I dunno, just felt like something that ended up having a wider applicability than I expected.

Advertisements

7 thoughts on “The Data Debate

  1. chris the cynic April 10, 2013 at 12:42 pm

    I think you oversimplify a bit. It is possible to have something that divides between singular and collective rather than singular and plural. I’d argue that data is the collective side of a singular-collective noun.

    It is also the case that some nouns are collective treated as singular, and that collective nouns can have plural forms. For example, milk. “We make 7 milks here at the factory: skim, two-percent, whole, chocolate, strawberry, blueberry, banana.” Collective noun with a plural form. Because it became necessary to distinguish between different types of collectives.

    Which is also how we end up with plural-plural (peoples) and a similar thing leads to singular-plural (persons) resulting in a strange framework of person–>persons–>people–>peoples.

    Now whether one is discussing “people” or “a people” there is a unit: and individual person, as we expect from a plural, even though the second is singular in form (note the article) and thus verbed as a collective-singular.

    Data doesn’t work that way, unlike milk it can’t be pluralized (no such thing as “datas”) and it can’t have an indefinite article (no such thing as “a data”, unless you mean Star Trek but then you didn’t capitalize properly) on the other hand a definite article (“the data”) works just fine which gives it an apparent singular form. Instead you have to make it into an adjective for plurals (data sets) and use “of” to make things partitive for singular (a piece of data) but there is a word for, “a piece of data” and that would be datum. So to an extent it makes sense to see Data as the collective-plural of datum. After all, once you’ve got many individual datums(not a word, couldn’t think of a good way to phrase it using real words), what you have is data.

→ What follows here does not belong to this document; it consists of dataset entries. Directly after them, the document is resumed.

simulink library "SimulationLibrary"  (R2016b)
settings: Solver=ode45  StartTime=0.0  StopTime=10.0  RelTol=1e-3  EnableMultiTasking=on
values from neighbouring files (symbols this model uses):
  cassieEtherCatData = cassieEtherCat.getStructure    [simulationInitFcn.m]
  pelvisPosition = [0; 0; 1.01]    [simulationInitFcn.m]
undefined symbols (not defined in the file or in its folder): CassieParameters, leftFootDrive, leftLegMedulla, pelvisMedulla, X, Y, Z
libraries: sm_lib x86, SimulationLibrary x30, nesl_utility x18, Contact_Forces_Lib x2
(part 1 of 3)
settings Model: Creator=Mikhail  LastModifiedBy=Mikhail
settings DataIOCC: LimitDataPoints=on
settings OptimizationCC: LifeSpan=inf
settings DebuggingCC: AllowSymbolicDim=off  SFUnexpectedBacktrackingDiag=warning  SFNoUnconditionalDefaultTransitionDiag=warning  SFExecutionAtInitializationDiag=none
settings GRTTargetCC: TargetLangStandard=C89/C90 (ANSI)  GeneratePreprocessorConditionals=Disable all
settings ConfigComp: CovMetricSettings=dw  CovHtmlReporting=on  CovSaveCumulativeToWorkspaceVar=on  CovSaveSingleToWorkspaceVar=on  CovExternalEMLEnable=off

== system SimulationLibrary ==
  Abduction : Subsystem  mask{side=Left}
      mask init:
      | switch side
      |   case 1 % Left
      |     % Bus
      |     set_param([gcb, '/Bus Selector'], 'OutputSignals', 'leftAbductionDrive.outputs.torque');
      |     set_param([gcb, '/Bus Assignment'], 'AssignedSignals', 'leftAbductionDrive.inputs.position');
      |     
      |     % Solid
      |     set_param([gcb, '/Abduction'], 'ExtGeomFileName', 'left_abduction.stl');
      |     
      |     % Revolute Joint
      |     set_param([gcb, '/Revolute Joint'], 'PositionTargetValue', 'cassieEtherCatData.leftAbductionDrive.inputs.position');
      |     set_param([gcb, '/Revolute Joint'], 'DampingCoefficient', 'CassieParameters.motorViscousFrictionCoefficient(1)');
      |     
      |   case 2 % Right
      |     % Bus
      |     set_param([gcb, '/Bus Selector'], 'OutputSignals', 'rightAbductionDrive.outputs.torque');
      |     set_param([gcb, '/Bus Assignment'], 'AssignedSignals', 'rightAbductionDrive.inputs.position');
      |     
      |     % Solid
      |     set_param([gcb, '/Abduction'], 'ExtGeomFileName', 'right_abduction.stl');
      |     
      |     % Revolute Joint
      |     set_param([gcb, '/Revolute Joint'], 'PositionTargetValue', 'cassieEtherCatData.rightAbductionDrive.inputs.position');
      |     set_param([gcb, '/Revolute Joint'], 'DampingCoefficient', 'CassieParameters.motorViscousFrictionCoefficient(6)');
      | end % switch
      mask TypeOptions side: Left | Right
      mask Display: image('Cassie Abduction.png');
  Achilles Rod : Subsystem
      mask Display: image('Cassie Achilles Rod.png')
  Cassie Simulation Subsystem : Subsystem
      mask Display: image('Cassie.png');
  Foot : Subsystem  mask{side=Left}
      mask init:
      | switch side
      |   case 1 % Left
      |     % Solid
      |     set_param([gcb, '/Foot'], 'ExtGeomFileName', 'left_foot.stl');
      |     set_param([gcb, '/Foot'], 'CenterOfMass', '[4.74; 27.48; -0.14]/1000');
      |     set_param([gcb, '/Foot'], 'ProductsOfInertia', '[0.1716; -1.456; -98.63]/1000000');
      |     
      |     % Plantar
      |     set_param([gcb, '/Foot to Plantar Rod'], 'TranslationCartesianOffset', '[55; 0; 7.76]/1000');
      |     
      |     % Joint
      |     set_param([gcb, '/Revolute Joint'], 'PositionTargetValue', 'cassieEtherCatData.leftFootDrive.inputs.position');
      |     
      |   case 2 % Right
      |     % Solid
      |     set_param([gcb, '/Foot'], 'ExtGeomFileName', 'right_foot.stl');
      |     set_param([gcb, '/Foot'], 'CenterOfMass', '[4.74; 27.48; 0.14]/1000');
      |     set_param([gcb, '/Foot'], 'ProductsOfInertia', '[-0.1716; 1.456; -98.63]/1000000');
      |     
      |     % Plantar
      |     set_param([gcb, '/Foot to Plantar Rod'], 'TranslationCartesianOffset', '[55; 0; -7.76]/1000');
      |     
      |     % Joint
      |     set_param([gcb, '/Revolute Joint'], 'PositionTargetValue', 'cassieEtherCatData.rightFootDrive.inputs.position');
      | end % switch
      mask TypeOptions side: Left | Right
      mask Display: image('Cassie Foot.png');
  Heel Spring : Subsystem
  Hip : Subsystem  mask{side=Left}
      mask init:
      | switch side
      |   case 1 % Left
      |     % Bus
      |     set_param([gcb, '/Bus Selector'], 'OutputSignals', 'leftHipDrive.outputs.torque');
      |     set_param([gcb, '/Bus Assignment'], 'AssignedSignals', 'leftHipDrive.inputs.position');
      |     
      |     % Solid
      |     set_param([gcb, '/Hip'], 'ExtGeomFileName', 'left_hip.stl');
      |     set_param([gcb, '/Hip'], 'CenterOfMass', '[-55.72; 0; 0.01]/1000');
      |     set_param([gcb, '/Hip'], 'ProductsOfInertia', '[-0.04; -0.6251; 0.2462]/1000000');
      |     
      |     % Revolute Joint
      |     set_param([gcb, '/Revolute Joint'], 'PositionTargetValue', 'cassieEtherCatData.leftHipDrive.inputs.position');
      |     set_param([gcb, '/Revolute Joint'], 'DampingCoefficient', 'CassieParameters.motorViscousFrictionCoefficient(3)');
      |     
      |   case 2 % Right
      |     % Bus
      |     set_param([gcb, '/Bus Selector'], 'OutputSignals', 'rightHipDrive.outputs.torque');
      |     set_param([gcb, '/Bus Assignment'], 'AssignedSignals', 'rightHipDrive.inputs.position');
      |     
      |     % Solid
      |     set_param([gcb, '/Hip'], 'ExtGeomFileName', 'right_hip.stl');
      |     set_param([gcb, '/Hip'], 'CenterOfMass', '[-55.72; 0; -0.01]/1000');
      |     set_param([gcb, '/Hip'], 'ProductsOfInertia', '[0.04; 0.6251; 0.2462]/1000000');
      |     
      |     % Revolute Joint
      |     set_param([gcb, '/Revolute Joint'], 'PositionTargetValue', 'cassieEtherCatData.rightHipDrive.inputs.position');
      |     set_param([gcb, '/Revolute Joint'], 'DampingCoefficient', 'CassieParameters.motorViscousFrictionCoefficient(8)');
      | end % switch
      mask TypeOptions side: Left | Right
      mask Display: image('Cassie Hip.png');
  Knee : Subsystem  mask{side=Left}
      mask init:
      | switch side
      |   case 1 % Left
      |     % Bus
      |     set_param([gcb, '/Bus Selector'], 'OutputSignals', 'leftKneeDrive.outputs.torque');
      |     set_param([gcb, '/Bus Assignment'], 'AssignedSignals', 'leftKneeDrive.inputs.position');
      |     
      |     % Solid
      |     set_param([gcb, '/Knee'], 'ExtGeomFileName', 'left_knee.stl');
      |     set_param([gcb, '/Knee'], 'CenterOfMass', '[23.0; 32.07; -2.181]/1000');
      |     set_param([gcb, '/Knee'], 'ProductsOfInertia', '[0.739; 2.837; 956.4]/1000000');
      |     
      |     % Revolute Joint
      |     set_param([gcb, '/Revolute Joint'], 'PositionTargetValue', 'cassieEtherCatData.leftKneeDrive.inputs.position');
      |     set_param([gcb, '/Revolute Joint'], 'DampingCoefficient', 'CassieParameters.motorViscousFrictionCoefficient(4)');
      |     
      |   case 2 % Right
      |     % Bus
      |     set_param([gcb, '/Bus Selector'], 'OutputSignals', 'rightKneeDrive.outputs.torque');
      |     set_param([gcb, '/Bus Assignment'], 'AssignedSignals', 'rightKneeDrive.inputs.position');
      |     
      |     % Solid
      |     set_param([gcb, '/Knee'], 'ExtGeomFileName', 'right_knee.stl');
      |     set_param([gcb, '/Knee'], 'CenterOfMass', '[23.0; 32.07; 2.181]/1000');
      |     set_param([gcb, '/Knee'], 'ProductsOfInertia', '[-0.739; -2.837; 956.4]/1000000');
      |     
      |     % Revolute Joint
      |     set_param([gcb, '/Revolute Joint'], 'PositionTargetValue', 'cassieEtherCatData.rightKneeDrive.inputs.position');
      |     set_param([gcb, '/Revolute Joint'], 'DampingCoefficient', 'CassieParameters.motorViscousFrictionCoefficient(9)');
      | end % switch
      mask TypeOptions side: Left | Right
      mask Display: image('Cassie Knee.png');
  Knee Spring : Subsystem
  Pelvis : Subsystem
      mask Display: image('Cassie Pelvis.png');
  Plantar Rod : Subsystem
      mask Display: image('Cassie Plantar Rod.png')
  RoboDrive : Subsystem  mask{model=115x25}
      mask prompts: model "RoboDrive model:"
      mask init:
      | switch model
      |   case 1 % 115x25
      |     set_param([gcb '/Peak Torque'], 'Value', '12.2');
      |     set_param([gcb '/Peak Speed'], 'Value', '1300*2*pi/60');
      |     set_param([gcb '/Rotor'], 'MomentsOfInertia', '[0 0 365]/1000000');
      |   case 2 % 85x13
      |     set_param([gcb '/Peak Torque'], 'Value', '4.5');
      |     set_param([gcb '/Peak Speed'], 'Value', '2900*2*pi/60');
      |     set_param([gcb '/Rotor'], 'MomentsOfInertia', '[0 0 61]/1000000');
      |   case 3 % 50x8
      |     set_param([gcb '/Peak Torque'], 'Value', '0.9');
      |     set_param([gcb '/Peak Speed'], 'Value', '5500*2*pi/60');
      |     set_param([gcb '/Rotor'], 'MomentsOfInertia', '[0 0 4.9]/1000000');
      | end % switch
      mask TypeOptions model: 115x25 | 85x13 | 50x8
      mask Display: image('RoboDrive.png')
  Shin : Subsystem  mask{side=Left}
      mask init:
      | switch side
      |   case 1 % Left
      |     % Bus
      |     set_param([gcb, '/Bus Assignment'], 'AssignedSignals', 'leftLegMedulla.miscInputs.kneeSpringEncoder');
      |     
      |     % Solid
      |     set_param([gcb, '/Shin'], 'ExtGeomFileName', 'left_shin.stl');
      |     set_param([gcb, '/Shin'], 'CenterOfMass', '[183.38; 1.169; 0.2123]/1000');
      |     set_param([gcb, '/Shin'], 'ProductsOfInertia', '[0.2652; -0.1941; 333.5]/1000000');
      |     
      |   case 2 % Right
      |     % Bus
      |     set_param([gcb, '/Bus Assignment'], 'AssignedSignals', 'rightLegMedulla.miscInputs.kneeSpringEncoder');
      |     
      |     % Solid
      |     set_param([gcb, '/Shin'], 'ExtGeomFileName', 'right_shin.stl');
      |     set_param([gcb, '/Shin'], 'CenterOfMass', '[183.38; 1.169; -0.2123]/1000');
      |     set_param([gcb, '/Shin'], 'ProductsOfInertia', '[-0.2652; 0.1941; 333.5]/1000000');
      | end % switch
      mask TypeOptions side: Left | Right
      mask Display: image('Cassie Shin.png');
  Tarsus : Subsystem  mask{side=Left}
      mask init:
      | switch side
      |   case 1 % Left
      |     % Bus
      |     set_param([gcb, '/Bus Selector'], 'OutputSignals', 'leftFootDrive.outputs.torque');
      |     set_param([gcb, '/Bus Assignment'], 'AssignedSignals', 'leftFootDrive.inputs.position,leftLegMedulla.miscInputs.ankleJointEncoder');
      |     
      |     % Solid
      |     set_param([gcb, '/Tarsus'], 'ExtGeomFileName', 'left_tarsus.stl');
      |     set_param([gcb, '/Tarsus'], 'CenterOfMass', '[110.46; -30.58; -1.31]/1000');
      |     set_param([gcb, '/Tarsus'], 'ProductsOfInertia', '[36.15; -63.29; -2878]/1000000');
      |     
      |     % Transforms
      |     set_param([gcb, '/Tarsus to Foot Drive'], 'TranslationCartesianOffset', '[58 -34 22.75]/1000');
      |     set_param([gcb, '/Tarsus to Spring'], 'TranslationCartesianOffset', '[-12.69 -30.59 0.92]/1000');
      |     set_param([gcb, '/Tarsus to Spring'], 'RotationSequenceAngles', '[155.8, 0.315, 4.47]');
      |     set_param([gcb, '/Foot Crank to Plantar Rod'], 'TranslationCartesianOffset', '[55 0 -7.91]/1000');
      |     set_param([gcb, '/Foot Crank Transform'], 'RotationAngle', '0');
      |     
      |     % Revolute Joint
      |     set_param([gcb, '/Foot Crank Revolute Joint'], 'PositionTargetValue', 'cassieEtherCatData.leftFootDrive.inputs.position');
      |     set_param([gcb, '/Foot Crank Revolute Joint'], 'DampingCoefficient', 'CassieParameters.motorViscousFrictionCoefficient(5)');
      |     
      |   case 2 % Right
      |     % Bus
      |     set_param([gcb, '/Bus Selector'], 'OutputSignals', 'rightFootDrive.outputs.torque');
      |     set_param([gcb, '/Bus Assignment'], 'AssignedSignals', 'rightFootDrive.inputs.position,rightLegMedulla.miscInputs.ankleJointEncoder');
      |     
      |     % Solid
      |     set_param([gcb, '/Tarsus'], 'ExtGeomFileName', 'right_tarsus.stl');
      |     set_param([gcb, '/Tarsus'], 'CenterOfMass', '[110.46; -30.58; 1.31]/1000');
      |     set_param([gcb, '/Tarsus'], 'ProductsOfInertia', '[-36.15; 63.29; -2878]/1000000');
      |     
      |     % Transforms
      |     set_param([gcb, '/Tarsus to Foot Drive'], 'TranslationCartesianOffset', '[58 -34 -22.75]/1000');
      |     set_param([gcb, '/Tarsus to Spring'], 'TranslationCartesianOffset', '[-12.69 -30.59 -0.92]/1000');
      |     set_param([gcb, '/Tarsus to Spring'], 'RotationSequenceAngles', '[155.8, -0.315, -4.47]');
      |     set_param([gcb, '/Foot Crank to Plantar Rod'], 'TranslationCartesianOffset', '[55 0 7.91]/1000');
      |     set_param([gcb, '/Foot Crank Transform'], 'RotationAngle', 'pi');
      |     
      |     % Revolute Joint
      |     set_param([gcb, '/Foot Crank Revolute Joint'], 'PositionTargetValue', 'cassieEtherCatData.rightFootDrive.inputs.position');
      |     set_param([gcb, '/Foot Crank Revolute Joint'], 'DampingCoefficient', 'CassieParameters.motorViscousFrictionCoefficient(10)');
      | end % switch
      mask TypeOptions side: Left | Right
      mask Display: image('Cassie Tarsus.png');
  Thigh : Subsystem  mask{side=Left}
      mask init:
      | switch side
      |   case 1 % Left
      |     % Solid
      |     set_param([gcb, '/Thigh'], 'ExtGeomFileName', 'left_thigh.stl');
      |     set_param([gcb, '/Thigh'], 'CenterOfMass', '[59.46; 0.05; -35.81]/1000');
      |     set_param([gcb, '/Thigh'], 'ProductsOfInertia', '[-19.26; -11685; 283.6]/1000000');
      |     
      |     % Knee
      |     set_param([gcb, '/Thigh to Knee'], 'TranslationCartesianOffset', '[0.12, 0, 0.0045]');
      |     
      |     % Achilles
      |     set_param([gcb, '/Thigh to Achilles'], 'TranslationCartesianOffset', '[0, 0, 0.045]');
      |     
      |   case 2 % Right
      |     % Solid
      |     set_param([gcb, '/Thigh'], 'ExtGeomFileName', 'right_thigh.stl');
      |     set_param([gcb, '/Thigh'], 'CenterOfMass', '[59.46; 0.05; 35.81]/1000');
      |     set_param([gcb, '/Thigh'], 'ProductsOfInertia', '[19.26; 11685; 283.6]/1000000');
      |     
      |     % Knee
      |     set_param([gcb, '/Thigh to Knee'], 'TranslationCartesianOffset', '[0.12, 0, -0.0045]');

    I think “group” is an example of a noun like milk. You can have “a group” just like you can have “a milk” (camel is a milk I like much better than goat/ camel is a much better milk than goat’s), you have have “the group” just like you can have “the milk” (“get me the milk”) you can have groups just like you can have milks (I already did this one) and the governing verbs are the same. The difference, though, is that “my group” has discrete units where, “my milk” does not. The units of a group are the individuals within it. Or members if you prefer. “My group has three members,” defines the size of the group (myself, a dragon, and a unicorn) in a way that “My milk has three [constituent parts],” can not. Just try it, “My milk has three pints,” is clearly wrong and painful event to write. Milk does not divide that way even though in every other respect it is identical in usage to group.

    In random other things just quickly said because I have to leave:

    Formerly plural now usually singular:
    Agenda.

    Agendum, the singular form, would be “Thing to be done.” Thus agenda means things to be done.

  2. froborr April 10, 2013 at 2:55 pm

    The whole point of collective nouns is that the concept of number doesn’t apply; you can have an amount of a collective noun but not a quantity. Put another way, for a singular/plural noun the question “How many?” has meaning; for a collective noun the correct question is “How much?” As such, a “singular-collective noun” is a contradiction in terms.

    I don’t see much distinction between using “a milk” as shorthand for “a type of milk” and “a milk” as shorthand for “a glass of milk.” In both cases, it’s using the object of a preposition to imply both the preposition and the singular noun modified by that preposition, with the whole construct treated as a singular noun that takes a regular plural. In the case of milk, the object happens to be a collective noun normally; it’s not that it’s a collective noun with a plural form, simply that it’s being used in a construction that elides the singular noun and therefore the plural has to be applied to a normally collective noun.

    Person/people, on the other hand, is a plain old-fashioned irregular plural. There’s nothing collective about “people”; as you note, the word has a singular that indicates a single unit, “person.” The reason we have the construction “a people” is because it’s the same elision as above, a shorthand for “a group of people.” Thus, we end up applying the regular plural to what is already an irregular plural, resulting in “peoples.” (“Persons” is just a result of lawyers and bureaucrats erroneously thinking a regular plural is somehow more “official” than an irregular one, and then doing it long enough that it becomes the consensus.)

    There’s no reason that same construction can’t be used for data. If, for example, you worked for an organization that sold files of raw data and files of calculated statistics, you might well say “Today we sent out five datas and three statistics.” In such a context you could have a [file of] data just as easily as you can have a [group of] people or a [type of] milk.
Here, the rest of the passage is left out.